MtthewThe Capacity Market – How did we get here?

Matthew Lockwood, IGov Team, 15th January 2018

This winter is the first in which Britain’s electricity Capacity Market comes into play. The Capacity Market (CM) is part of a set of policy measures introduced in 2013 known as the Electricity Market Reform. The basic case made for a capacity intervention in the early 2010s was that increasing amounts of wind power would make average wholesale prices lower as well as making periods of high prices rarer and more unpredictable, with the result that no one would invest in new capacity that could be used as back up when the wind did not blow. At the time of the development of the CM, this was all an issue for the rather distant future; in 2011 wind provided less than 4% of total electricity generated. The challenges of large swings in wind output were expected to materialise only from the mid-2020s. However, the argument was that a capacity mechanism was needed well ahead of time in order to get investment in back up capacity that would be ready when wind power became really important. The idea was that such a mechanism would provide investors with an extra, stable source of revenue and induce them to invest in the plant needed. The policy eventually adopted, the Capacity Market, involves the government (via a counterparty) holding auctions for generators and providers of demand side response and storage, with successful bidders contracted to be available to generate or turn down demand over a specified period. How much resource the government contracts depends on a methodology related to reliability standard that was set as part of the CM.

The CM has been highly controversial, being criticised on a number of grounds including: poor value for money; undermining decarbonisation of the power sector by keeping old coal on the system; failure to bring forward major investment in new combined cycle gas turbine (CCGT) plants, leading instead to a surge in new small-scale high-carbon diesel generation; failure to develop much in the way of demand side response (DSR), and too strict a reliability standard, leading to over-contracting of capacity.[i]

At IGov we have recently produced some work in progress looking at the evolution of the CM over the period from the late 2000s to 2014, trying to understand the relative roles of ideas and interests amongst government and industry in shaping the policy.
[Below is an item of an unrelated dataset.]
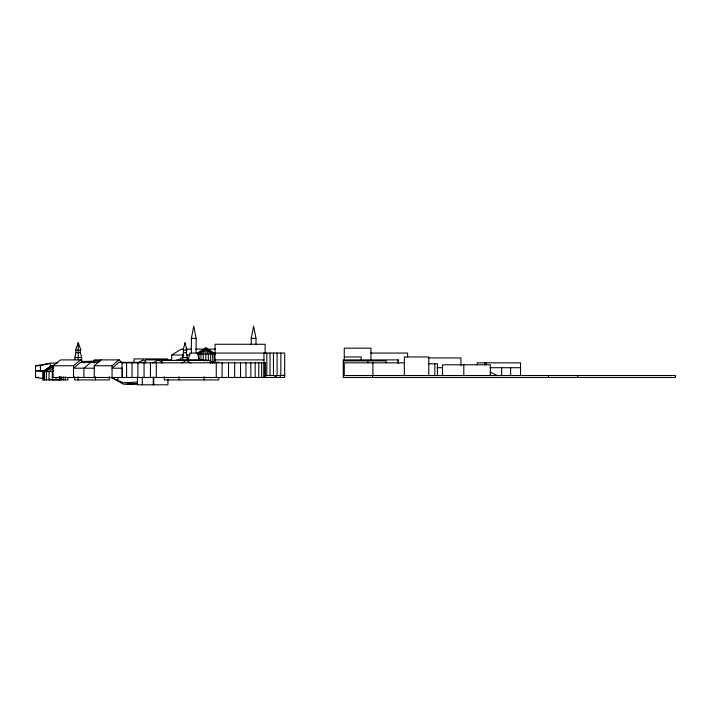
<?xml version="1.0" encoding="UTF-8"?>
<svg xmlns="http://www.w3.org/2000/svg" width="711" height="711" viewBox="0 0 711 711"><rect width="100%" height="100%" fill="white"/><g stroke="black" fill="none" stroke-linecap="round" stroke-linejoin="round"><path stroke-width="1.07" d="M191.375 353.056L191.375 338.4L193.748 326.189L196.12 338.4L196.12 353.056M251.25 344.684L251.25 338.4L253.623 326.189L255.996 338.4L255.996 344.684M182.585 359.677L183.562 350.221M188.202 359.899L189.908 353.056L197.587 353.056L199.293 359.899M74.771 359.677L76.157 350.221M78.228 342.853L75.464 350.221L80.992 350.221L78.228 342.853L78.228 359.677M214.704 353.5L205.826 348.177L203.293 354.034L203.293 360.361M214.278 362.788L214.278 354.034L205.826 348.177L197.365 354.034L215.255 354.034L205.826 348.177L200.937 354.034L200.937 360.628M67.865 377.479L67.865 379.923L42.953 379.923L42.953 371.622L52.365 371.622L53.805 370.315M42.953 371.622L51.121 365.756L73.535 365.756L80.441 359.899L84.28 363.152M90.804 362.334L83.898 368.2L83.898 377.479M94.261 377.479L94.261 365.756L101.166 359.899M94.261 365.756L112.062 365.756L118.968 359.899L122.807 363.152M212.731 362.041L212.731 354.034L205.826 348.177L198.911 354.034L198.911 360.042M212.793 363.152L214.349 361.855L209.674 361.855M53.769 367.711L49.041 371.622L49.041 379.923M178.959 359.899L183.029 356.638M53.956 365.756L46.402 371.622L46.402 379.923M52.383 365.756L44.482 371.622L44.482 379.923M51.423 365.756L43.318 371.622L43.318 379.923M197.329 353.447L205.826 348.177L210.705 354.034L210.705 363.312M137.685 363.09L143.018 359.899L145.675 361.499M152.829 363.09L158.162 359.899L162.606 362.557M171.627 360.361L171.627 355.011L181.394 349.145L183.589 349.145M196.938 353.5L205.826 348.177L208.35 354.034L208.35 360.361M181.838 363.045L186.273 360.388L190.717 363.045M204.048 360.966L205.826 359.899L205.826 348.177M42.882 378.456L35.55 377.514L35.55 365.756L40.438 365.756L50.205 363.312L57.902 362.886M35.55 365.756L50.205 363.312L50.205 366.574M137.721 383.913L126.834 384.207M35.55 377.479L38.687 377.239M82.076 361.544L100.447 360.877M137.081 382.083L123.474 382.802L110.783 377.479M137.081 383.753L123.474 384.224L113.964 378.865M191.375 338.4L196.12 338.4M251.25 338.4L255.996 338.4M185.793 349.145L191.277 349.145M195.614 349.145L215.62 349.145M76.157 352.665L80.299 352.665L81.685 357.544L81.685 361.961M183.562 352.665L186.495 352.665L187.473 359.677M215.024 353.056L284.676 353.056L284.676 377.479L53.076 377.479L53.076 365.756L60.471 359.899L80.441 359.899M370.786 353.056L407.634 353.056L407.634 356.966M171.627 355.011L183.571 355.011M186.824 355.011L190.086 355.011M344.266 356.966L361.232 356.966L361.232 359.899M74.771 357.544L81.685 357.544M182.585 357.544L187.473 357.544M428.733 357.944L460.924 357.944L460.924 365.632M167.441 358.922L133.997 358.922L133.997 362.823M119.341 359.899L94.163 359.899L94.163 363.081M170.747 359.899L145.577 359.899L145.577 362.823M176.515 359.899L204.146 359.899M215.024 359.899L264.039 359.899M210.705 360.388L161.85 360.388L161.85 363.312M343.289 360.877L386.162 360.877L386.162 362.823M98.091 362.334L80.441 362.334L73.535 368.2L94.261 368.2M145.577 362.334L118.968 362.334L112.062 368.2L122.425 368.2L122.425 377.479M210.429 362.334L218.801 362.334M404.346 362.823L344.266 362.823L344.266 375.524M428.502 363.801L437.469 363.801L437.469 375.31M437.176 367.711L442.518 367.711M489.986 367.711L520.523 367.711M283.698 375.035L284.676 375.035M265.221 375.524L284.676 375.524M343.289 375.524L675.45 375.524L675.45 377.479L343.289 377.479L343.289 359.899L398.418 359.899L398.418 363.197M44.873 370.982L35.55 370.786L44.42 371.178M49.166 379.256L54.4 379.923M55.094 379.381L59.28 379.923L59.28 376.812M490.083 372.155L497.807 375.701M205.826 359.899L207.594 360.966M187.1 358.593L188.726 359.899M577.759 375.524L577.759 377.479M548.448 375.524L548.448 377.479M520.523 375.31L520.523 362.823L477.241 362.823L477.241 364.779M510.631 367.711L510.631 375.31M501.664 367.711L501.664 375.31M490.35 375.364L490.35 364.779L442.518 364.779L442.518 375.31M485.951 362.823L485.951 364.779M484.831 362.823L484.831 364.921M463.812 364.779L463.812 375.364M434.856 363.801L434.856 375.381M428.769 375.524L428.769 356.966L404.346 356.966L404.346 375.524M398.062 359.899L398.062 363.197M372.884 362.823L372.884 375.524M372.6 375.524L372.6 377.479M371 359.899L371 348.177L344.266 348.177L344.266 360.548M367.711 360.877L367.711 362.823M280.845 353.056L280.845 375.257M280.178 375.524L280.178 377.479M277.086 353.056L277.086 375.257M276.268 375.524L276.268 377.479M274.899 375.524L274.899 377.479M273.459 353.056L273.459 375.257M270.02 353.056L270.02 375.257M266.829 353.056L266.829 375.257M265.416 377.479L265.416 362.823L121.999 362.823L121.999 377.479M265.132 353.056L265.132 344.266L215.024 344.266L215.024 362.823M265.034 362.823L265.034 377.479M263.95 353.056L263.95 362.477M263.763 362.823L263.763 377.479M261.666 362.823L261.666 377.479M258.777 362.823L258.777 377.479M255.151 362.823L255.151 377.479M250.85 362.823L250.85 377.479M245.953 362.823L245.953 377.479M240.522 362.823L240.522 377.479M234.674 362.823L234.674 377.479M228.498 362.823L228.498 377.479M222.099 362.823L222.099 377.479M218.801 377.479L218.801 379.923L164.312 379.923L164.312 376.723M216.26 362.823L216.26 377.479M204.146 376.723L204.146 379.923M186.495 350.221L186.495 352.665M178.968 376.723L178.968 379.923M167.929 379.274L167.929 384.811L137.427 384.811L137.427 377.194M156.296 362.823L156.296 377.479M153.754 377.034L153.754 384.811M153.274 377.194L153.274 384.811M150.456 362.823L150.456 377.479M144.057 362.823L144.057 377.479M142.307 377.194L142.307 384.811M137.881 362.823L137.881 377.479M132.033 362.823L132.033 377.479M126.602 362.823L126.602 377.479M117.902 377.479L117.902 380.705M113.013 377.479L113.013 378.332M112.062 365.756L112.062 377.479M109.316 376.723L109.316 379.923L74.771 379.923L74.771 376.723M95.496 376.857L95.496 379.923M80.299 350.221L80.299 352.665M78.228 376.723L78.228 379.923M73.535 365.756L73.535 377.479M65.341 376.812L65.341 379.923M63.208 376.812L63.208 379.923M61.51 376.812L61.51 379.923M60.284 376.812L60.284 379.923M59.528 376.812L59.528 379.923M56.053 377.479L56.053 379.923M52.365 371.622L52.365 379.923M40.438 365.756L40.438 371.089M185.029 342.853L183.074 350.221L186.984 350.221L185.029 342.853"/></g></svg>

Many of the features of the CM that have attracted criticism arise from its design, and in particular the fact that it takes a ‘market wide’ approach, contracting for large amounts of capacity undifferentiated by carbon intensity or flexibility, including existing power stations. Originally, the government actually preferred a different option for the CM, known as a ‘Strategic Reserve’ (SR) approach, involving the contracting of a relatively small amount of capacity and removing it from the wholesale market. This was the official position from the early days of the development of the policy from 2010 to the end of 2011, at which point the government changed course and a market-wide design was announced. This was despite the fact that the government’s own cost-benefit analysis at the time suggested that this was far more expensive than a Strategic Reserve.

So why did the shift in approach occur? One factor was that there was a very clear message from most (although not all) of the major electricity generators’ lobby in favour of a market-wide approach. The big incumbent companies would be more likely to benefit from a wider, inclusive mechanism than a SR, but of course the basis of their argument was different. This was the idea that a strategic reserve approach would suppress wholesale market prices (especially peaks), suppressing normal incentives for investors, and leading to the need for more and more capacity needing to be contracted through the reserve (the so-called ‘slippery slope’ problem).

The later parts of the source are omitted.